Instructions to follow:
The lines below that include the word "Integrator" are to be reported.

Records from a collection
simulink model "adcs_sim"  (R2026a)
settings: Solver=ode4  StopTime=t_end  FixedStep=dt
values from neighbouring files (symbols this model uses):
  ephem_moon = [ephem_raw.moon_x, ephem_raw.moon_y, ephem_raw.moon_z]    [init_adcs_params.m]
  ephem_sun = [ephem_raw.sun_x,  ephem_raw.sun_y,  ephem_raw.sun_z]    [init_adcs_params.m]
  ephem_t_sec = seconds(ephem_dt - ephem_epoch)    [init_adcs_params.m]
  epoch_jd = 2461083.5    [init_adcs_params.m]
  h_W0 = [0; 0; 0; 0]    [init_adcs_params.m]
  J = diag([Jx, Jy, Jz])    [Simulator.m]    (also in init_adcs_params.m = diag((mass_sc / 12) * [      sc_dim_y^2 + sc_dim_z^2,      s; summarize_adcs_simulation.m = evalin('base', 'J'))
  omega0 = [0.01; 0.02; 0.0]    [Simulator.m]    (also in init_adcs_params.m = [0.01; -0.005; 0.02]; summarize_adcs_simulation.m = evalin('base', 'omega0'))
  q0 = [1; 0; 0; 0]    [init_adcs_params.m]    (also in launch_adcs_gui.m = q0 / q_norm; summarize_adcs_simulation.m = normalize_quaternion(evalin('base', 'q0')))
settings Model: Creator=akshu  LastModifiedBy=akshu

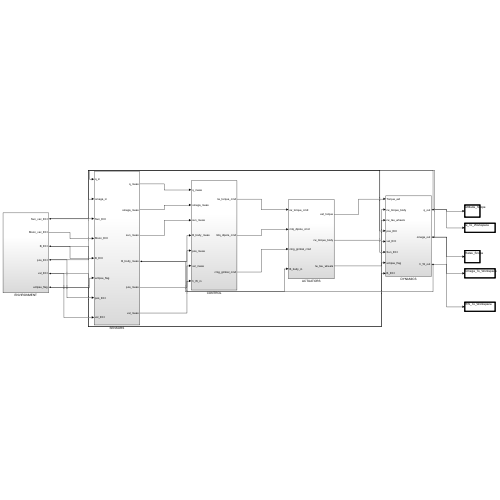
[thumbnail: Simulink's stored preview of the top-level diagram]
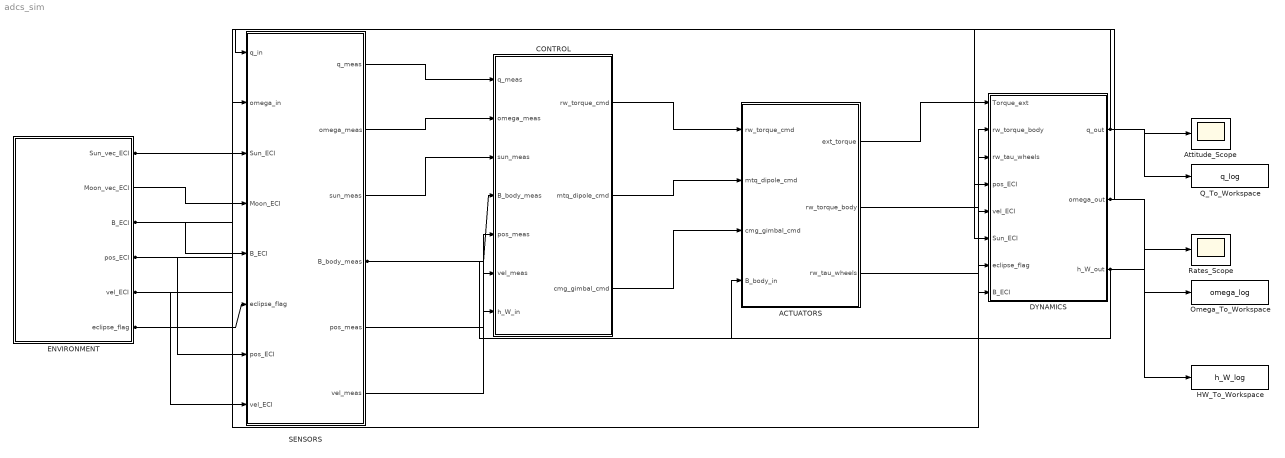
== system adcs_sim ==
  ACTUATORS : Subsystem
  Attitude_Scope : Scope
  CONTROL : Subsystem
  DYNAMICS : Subsystem
  ENVIRONMENT : Subsystem
  HW_To_Workspace : ToWorkspace  VariableName=h_W_log  SaveFormat=Timeseries  SampleTime=-1
  Omega_To_Workspace : ToWorkspace  VariableName=omega_log  SaveFormat=Timeseries  SampleTime=-1
  Q_To_Workspace : ToWorkspace  VariableName=q_log  SaveFormat=Timeseries  SampleTime=-1
  Rates_Scope : Scope
  SENSORS : Subsystem
  wires:
  ENVIRONMENT/1(Sun_vec_ECI) -> SENSORS/3(Sun_ECI), DYNAMICS/6(Sun_ECI)
  ENVIRONMENT/2(Moon_vec_ECI) -> SENSORS/4(Moon_ECI)
  ENVIRONMENT/3(B_ECI) -> SENSORS/5(B_ECI), DYNAMICS/8(B_ECI)
  ENVIRONMENT/4(pos_ECI) -> SENSORS/7(pos_ECI), DYNAMICS/4(pos_ECI)
  ENVIRONMENT/5(vel_ECI) -> SENSORS/8(vel_ECI), DYNAMICS/5(vel_ECI)
  ENVIRONMENT/6(eclipse_flag) -> SENSORS/6(eclipse_flag), DYNAMICS/7(eclipse_flag)
  SENSORS/1(q_meas) -> CONTROL/1(q_meas)
  SENSORS/2(omega_meas) -> CONTROL/2(omega_meas)
  SENSORS/3(sun_meas) -> CONTROL/3(sun_meas)
  SENSORS/4(B_body_meas) -> CONTROL/4(B_body_meas), ACTUATORS/4(B_body_in)
  SENSORS/5(pos_meas) -> CONTROL/5(pos_meas)
  SENSORS/6(vel_meas) -> CONTROL/6(vel_meas)
  DYNAMICS/3(h_W_out) -> CONTROL/7(h_W_in), HW_To_Workspace/1
  CONTROL/1(rw_torque_cmd) -> ACTUATORS/1(rw_torque_cmd)
  CONTROL/2(mtq_dipole_cmd) -> ACTUATORS/2(mtq_dipole_cmd)
  CONTROL/3(cmg_gimbal_cmd) -> ACTUATORS/3(cmg_gimbal_cmd)
  ACTUATORS/1(ext_torque) -> DYNAMICS/1(Torque_ext)
  ACTUATORS/2(rw_torque_body) -> DYNAMICS/2(rw_torque_body)
  ACTUATORS/3(rw_tau_wheels) -> DYNAMICS/3(rw_tau_wheels)
  DYNAMICS/1(q_out) -> SENSORS/1(q_in), Attitude_Scope/1, Q_To_Workspace/1
  DYNAMICS/2(omega_out) -> SENSORS/2(omega_in), Rates_Scope/1, Omega_To_Workspace/1

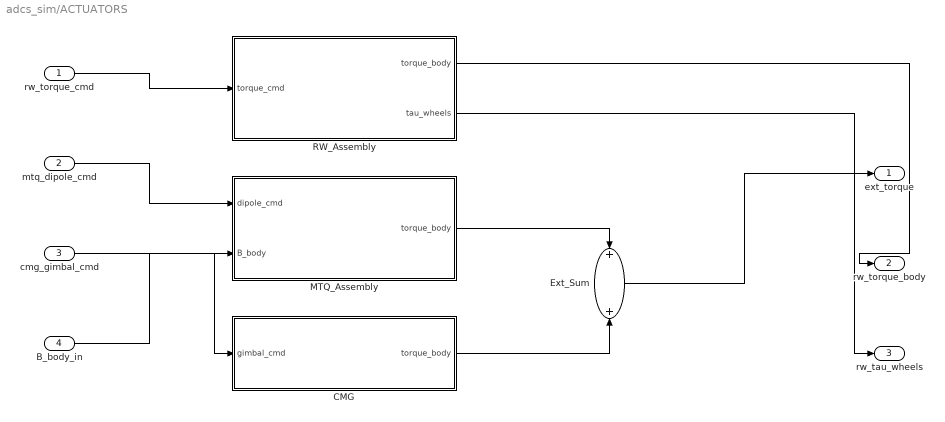
== system adcs_sim/ACTUATORS ==
  rw_torque_cmd : Inport
  mtq_dipole_cmd : Inport  Port=2
  cmg_gimbal_cmd : Inport  Port=3
  B_body_in : Inport  Port=4
  CMG : MATLAB Function  TreatAsAtomicUnit=on
  Ext_Sum : Sum
  MTQ_Assembly : MATLAB Function  TreatAsAtomicUnit=on
  RW_Assembly : MATLAB Function  TreatAsAtomicUnit=on
  ext_torque : Outport
  rw_torque_body : Outport  Port=2
  rw_tau_wheels : Outport  Port=3
  wires:
  rw_torque_cmd/1 -> RW_Assembly/1(torque_cmd)
  mtq_dipole_cmd/1 -> MTQ_Assembly/1(dipole_cmd)
  B_body_in/1 -> MTQ_Assembly/2(B_body)
  cmg_gimbal_cmd/1 -> CMG/1(gimbal_cmd)
  MTQ_Assembly/1(torque_body) -> Ext_Sum/1
  CMG/1(torque_body) -> Ext_Sum/2
  Ext_Sum/1 -> ext_torque/1
  RW_Assembly/1(torque_body) -> rw_torque_body/1
  RW_Assembly/2(tau_wheels) -> rw_tau_wheels/1

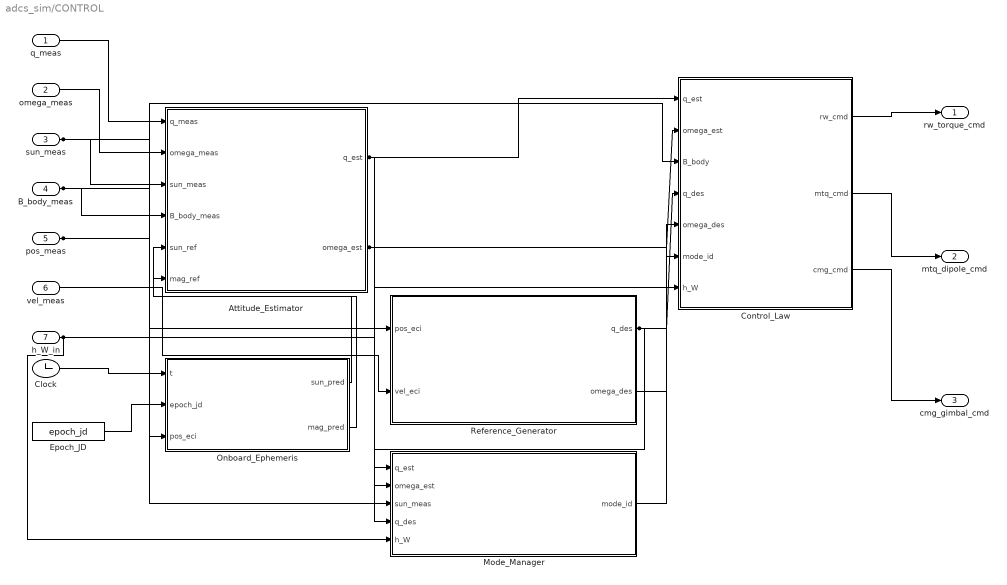
== system adcs_sim/CONTROL ==
  q_meas : Inport
  omega_meas : Inport  Port=2
  sun_meas : Inport  Port=3
  B_body_meas : Inport  Port=4
  pos_meas : Inport  Port=5
  vel_meas : Inport  Port=6
  h_W_in : Inport  Port=7
  Attitude_Estimator : MATLAB Function  TreatAsAtomicUnit=on
  Clock : Clock
  Control_Law : MATLAB Function  TreatAsAtomicUnit=on
  Epoch_JD : Constant  Value=epoch_jd
  Mode_Manager : MATLAB Function  TreatAsAtomicUnit=on
  Onboard_Ephemeris : MATLAB Function  TreatAsAtomicUnit=on
  Reference_Generator : MATLAB Function  TreatAsAtomicUnit=on
  rw_torque_cmd : Outport
  mtq_dipole_cmd : Outport  Port=2
  cmg_gimbal_cmd : Outport  Port=3
  wires:
  Clock/1 -> Onboard_Ephemeris/1(t)
  Epoch_JD/1 -> Onboard_Ephemeris/2(epoch_jd)
  pos_meas/1 -> Onboard_Ephemeris/3(pos_eci), Reference_Generator/1(pos_eci)
  q_meas/1 -> Attitude_Estimator/1(q_meas)
  omega_meas/1 -> Attitude_Estimator/2(omega_meas)
  sun_meas/1 -> Attitude_Estimator/3(sun_meas), Mode_Manager/3(sun_meas)
  B_body_meas/1 -> Attitude_Estimator/4(B_body_meas), Control_Law/3(B_body)
  Onboard_Ephemeris/1(sun_pred) -> Attitude_Estimator/5(sun_ref)
  Onboard_Ephemeris/2(mag_pred) -> Attitude_Estimator/6(mag_ref)
  Attitude_Estimator/1(q_est) -> Control_Law/1(q_est), Mode_Manager/1(q_est)
  Attitude_Estimator/2(omega_est) -> Control_Law/2(omega_est), Mode_Manager/2(omega_est)
  vel_meas/1 -> Reference_Generator/2(vel_eci)
  Reference_Generator/1(q_des) -> Control_Law/4(q_des), Mode_Manager/4(q_des)
  Reference_Generator/2(omega_des) -> Control_Law/5(omega_des)
  h_W_in/1 -> Mode_Manager/5(h_W), Control_Law/7(h_W)
  Mode_Manager/1(mode_id) -> Control_Law/6(mode_id)
  Control_Law/1(rw_cmd) -> rw_torque_cmd/1
  Control_Law/2(mtq_cmd) -> mtq_dipole_cmd/1
  Control_Law/3(cmg_cmd) -> cmg_gimbal_cmd/1

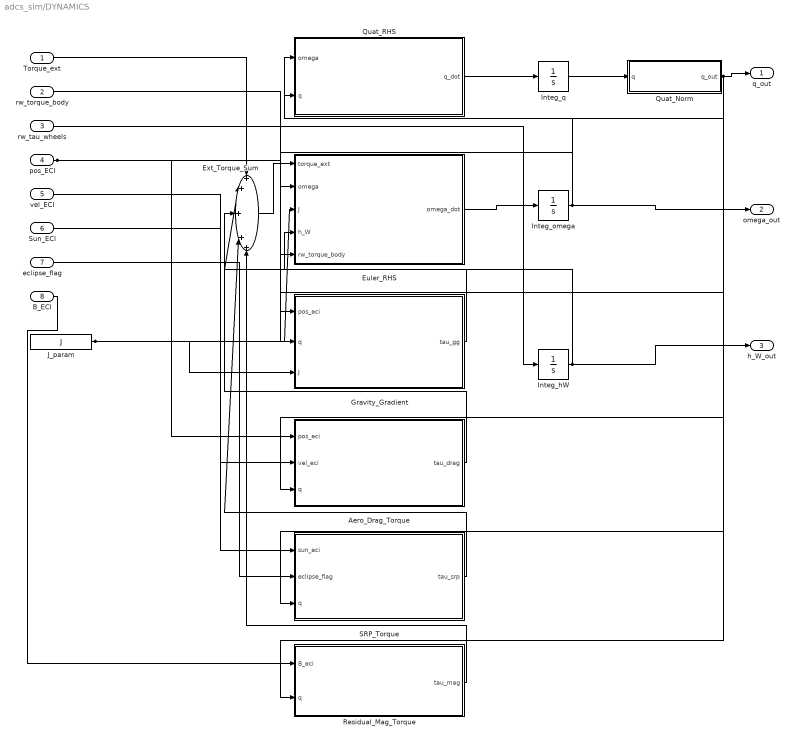
== system adcs_sim/DYNAMICS ==
  Torque_ext : Inport
  rw_torque_body : Inport  Port=2
  rw_tau_wheels : Inport  Port=3
  pos_ECI : Inport  Port=4
  vel_ECI : Inport  Port=5
  Sun_ECI : Inport  Port=6
  eclipse_flag : Inport  Port=7
  B_ECI : Inport  Port=8
  Aero_Drag_Torque : MATLAB Function  TreatAsAtomicUnit=on
  Euler_RHS : MATLAB Function  TreatAsAtomicUnit=on
  Ext_Torque_Sum : Sum  Inputs=+++++
  Gravity_Gradient : MATLAB Function  TreatAsAtomicUnit=on
  Integ_hW : Integrator  InitialCondition=h_W0
  Integ_omega : Integrator  InitialCondition=omega0
  Integ_q : Integrator  InitialCondition=q0
  J_param : Constant  Value=J
  Quat_Norm : MATLAB Function  TreatAsAtomicUnit=on
  Quat_RHS : MATLAB Function  TreatAsAtomicUnit=on
  Residual_Mag_Torque : MATLAB Function  TreatAsAtomicUnit=on
  SRP_Torque : MATLAB Function  TreatAsAtomicUnit=on
  q_out : Outport
  omega_out : Outport  Port=2
  h_W_out : Outport  Port=3
  wires:
  Torque_ext/1 -> Ext_Torque_Sum/1
  Gravity_Gradient/1(tau_gg) -> Ext_Torque_Sum/2
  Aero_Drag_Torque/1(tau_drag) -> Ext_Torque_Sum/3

Your solution:
  Integ_hW : Integrator  InitialCondition=h_W0
  Integ_omega : Integrator  InitialCondition=omega0
  Integ_q : Integrator  InitialCondition=q0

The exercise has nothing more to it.